[Prompt] The response should be the records below, repeated exactly, with each picture left out.

:: Material shown ::

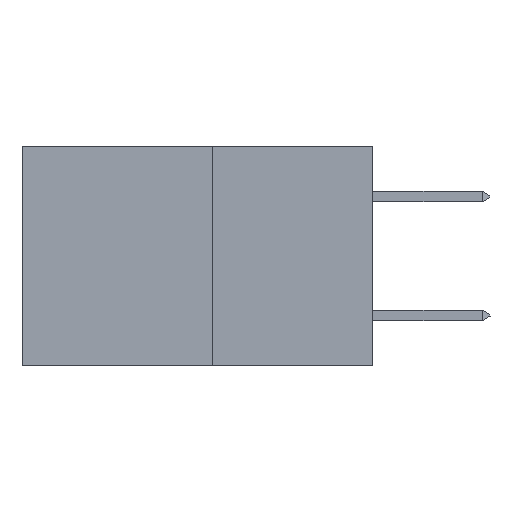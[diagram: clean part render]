
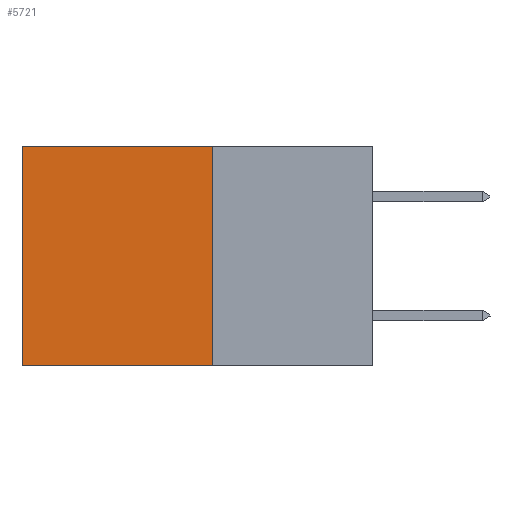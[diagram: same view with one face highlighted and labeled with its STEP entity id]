
A CAD part, left-side view. The second image highlights one B-rep face of the part: STEP entity #5721.
In plain terms, the highlighted planar face has unit normal (-1, 0, 0).
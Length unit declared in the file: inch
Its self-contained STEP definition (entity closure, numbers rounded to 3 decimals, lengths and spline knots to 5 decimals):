
#82 = AXIS2_PLACEMENT_3D ( 'NONE', #2713, #2704, #2680 ) ;
#160 = CARTESIAN_POINT ( 'NONE',  ( 0.277, 0.27, -0.37 ) ) ;
#296 = CARTESIAN_POINT ( 'NONE',  ( 0.277, 0.59, -0.37 ) ) ;
#460 = CARTESIAN_POINT ( 'NONE',  ( 0.277, 0.27, 0. ) ) ;
#487 = DIRECTION ( 'NONE',  ( 0., 1., 0. ) ) ;
#781 = EDGE_CURVE ( 'NONE', #8859, #3221, #3631, .T. ) ;
#1024 = DIRECTION ( 'NONE',  ( 0., 0., -1. ) ) ;
#1095 = VERTEX_POINT ( 'NONE', #5561 ) ;
#1116 = CARTESIAN_POINT ( 'NONE',  ( 0.277, 0.59, -0.37 ) ) ;
#2073 = LINE ( 'NONE', #460, #3802 ) ;
#2413 = CARTESIAN_POINT ( 'NONE',  ( 0.277, 0.27, -0.37 ) ) ;
#2680 = DIRECTION ( 'NONE',  ( 0., 0., -1. ) ) ;
#2704 = DIRECTION ( 'NONE',  ( 1., 0., 0. ) ) ;
#2713 = CARTESIAN_POINT ( 'NONE',  ( 0.277, 0.27, -0.37 ) ) ;
#2767 = PLANE ( 'NONE',  #82 ) ;
#3221 = VERTEX_POINT ( 'NONE', #2413 ) ;
#3456 = EDGE_CURVE ( 'NONE', #8859, #1095, #2073, .T. ) ;
#3483 = EDGE_CURVE ( 'NONE', #3221, #6343, #7754, .T. ) ;
#3631 = LINE ( 'NONE', #7511, #7600 ) ;
#3650 = ORIENTED_EDGE ( 'NONE', *, *, #3456, .T. ) ;
#3802 = VECTOR ( 'NONE', #7028, 39.37008 ) ;
#4950 = DIRECTION ( 'NONE',  ( 0., 0., -1. ) ) ;
#5561 = CARTESIAN_POINT ( 'NONE',  ( 0.277, 0.59, 0. ) ) ;
#5577 = EDGE_LOOP ( 'NONE', ( #9260, #6430, #9116, #3650 ) ) ;
#5721 = ADVANCED_FACE ( 'NONE', ( #6285 ), #2767, .F. ) ;
#5869 = VECTOR ( 'NONE', #487, 39.37008 ) ;
#6285 = FACE_OUTER_BOUND ( 'NONE', #5577, .T. ) ;
#6343 = VERTEX_POINT ( 'NONE', #296 ) ;
#6430 = ORIENTED_EDGE ( 'NONE', *, *, #3483, .F. ) ;
#7028 = DIRECTION ( 'NONE',  ( 0., 1., 0. ) ) ;
#7395 = EDGE_CURVE ( 'NONE', #1095, #6343, #7711, .T. ) ;
#7509 = VECTOR ( 'NONE', #1024, 39.37008 ) ;
#7511 = CARTESIAN_POINT ( 'NONE',  ( 0.277, 0.27, -0.37 ) ) ;
#7600 = VECTOR ( 'NONE', #4950, 39.37008 ) ;
#7711 = LINE ( 'NONE', #1116, #7509 ) ;
#7754 = LINE ( 'NONE', #160, #5869 ) ;
#8573 = CARTESIAN_POINT ( 'NONE',  ( 0.277, 0.27, 0. ) ) ;
#8859 = VERTEX_POINT ( 'NONE', #8573 ) ;
#9116 = ORIENTED_EDGE ( 'NONE', *, *, #781, .F. ) ;
#9260 = ORIENTED_EDGE ( 'NONE', *, *, #7395, .T. ) ;

:::

[Finished exercise]
[diagram: clean part render]
[diagram: same view with one face highlighted and labeled with its STEP entity id]
A CAD part, left-side view. The second image highlights one B-rep face of the part: STEP entity #5721.
In plain terms, the highlighted planar face has unit normal (-1, 0, 0).
Length unit declared in the file: inch
Its self-contained STEP definition (entity closure, numbers rounded to 3 decimals, lengths and spline knots to 5 decimals):
#82 = AXIS2_PLACEMENT_3D ( 'NONE', #2713, #2704, #2680 ) ;
#160 = CARTESIAN_POINT ( 'NONE',  ( 0.277, 0.27, -0.37 ) ) ;
#296 = CARTESIAN_POINT ( 'NONE',  ( 0.277, 0.59, -0.37 ) ) ;
#460 = CARTESIAN_POINT ( 'NONE',  ( 0.277, 0.27, 0. ) ) ;
#487 = DIRECTION ( 'NONE',  ( 0., 1., 0. ) ) ;
#781 = EDGE_CURVE ( 'NONE', #8859, #3221, #3631, .T. ) ;
#1024 = DIRECTION ( 'NONE',  ( 0., 0., -1. ) ) ;
#1095 = VERTEX_POINT ( 'NONE', #5561 ) ;
#1116 = CARTESIAN_POINT ( 'NONE',  ( 0.277, 0.59, -0.37 ) ) ;
#2073 = LINE ( 'NONE', #460, #3802 ) ;
#2413 = CARTESIAN_POINT ( 'NONE',  ( 0.277, 0.27, -0.37 ) ) ;
#2680 = DIRECTION ( 'NONE',  ( 0., 0., -1. ) ) ;
#2704 = DIRECTION ( 'NONE',  ( 1., 0., 0. ) ) ;
#2713 = CARTESIAN_POINT ( 'NONE',  ( 0.277, 0.27, -0.37 ) ) ;
#2767 = PLANE ( 'NONE',  #82 ) ;
#3221 = VERTEX_POINT ( 'NONE', #2413 ) ;
#3456 = EDGE_CURVE ( 'NONE', #8859, #1095, #2073, .T. ) ;
#3483 = EDGE_CURVE ( 'NONE', #3221, #6343, #7754, .T. ) ;
#3631 = LINE ( 'NONE', #7511, #7600 ) ;
#3650 = ORIENTED_EDGE ( 'NONE', *, *, #3456, .T. ) ;
#3802 = VECTOR ( 'NONE', #7028, 39.37008 ) ;
#4950 = DIRECTION ( 'NONE',  ( 0., 0., -1. ) ) ;
#5561 = CARTESIAN_POINT ( 'NONE',  ( 0.277, 0.59, 0. ) ) ;
#5577 = EDGE_LOOP ( 'NONE', ( #9260, #6430, #9116, #3650 ) ) ;
#5721 = ADVANCED_FACE ( 'NONE', ( #6285 ), #2767, .F. ) ;
#5869 = VECTOR ( 'NONE', #487, 39.37008 ) ;
#6285 = FACE_OUTER_BOUND ( 'NONE', #5577, .T. ) ;
#6343 = VERTEX_POINT ( 'NONE', #296 ) ;
#6430 = ORIENTED_EDGE ( 'NONE', *, *, #3483, .F. ) ;
#7028 = DIRECTION ( 'NONE',  ( 0., 1., 0. ) ) ;
#7395 = EDGE_CURVE ( 'NONE', #1095, #6343, #7711, .T. ) ;
#7509 = VECTOR ( 'NONE', #1024, 39.37008 ) ;
#7511 = CARTESIAN_POINT ( 'NONE',  ( 0.277, 0.27, -0.37 ) ) ;
#7600 = VECTOR ( 'NONE', #4950, 39.37008 ) ;
#7711 = LINE ( 'NONE', #1116, #7509 ) ;
#7754 = LINE ( 'NONE', #160, #5869 ) ;
#8573 = CARTESIAN_POINT ( 'NONE',  ( 0.277, 0.27, 0. ) ) ;
#8859 = VERTEX_POINT ( 'NONE', #8573 ) ;
#9116 = ORIENTED_EDGE ( 'NONE', *, *, #781, .F. ) ;
#9260 = ORIENTED_EDGE ( 'NONE', *, *, #7395, .T. ) ;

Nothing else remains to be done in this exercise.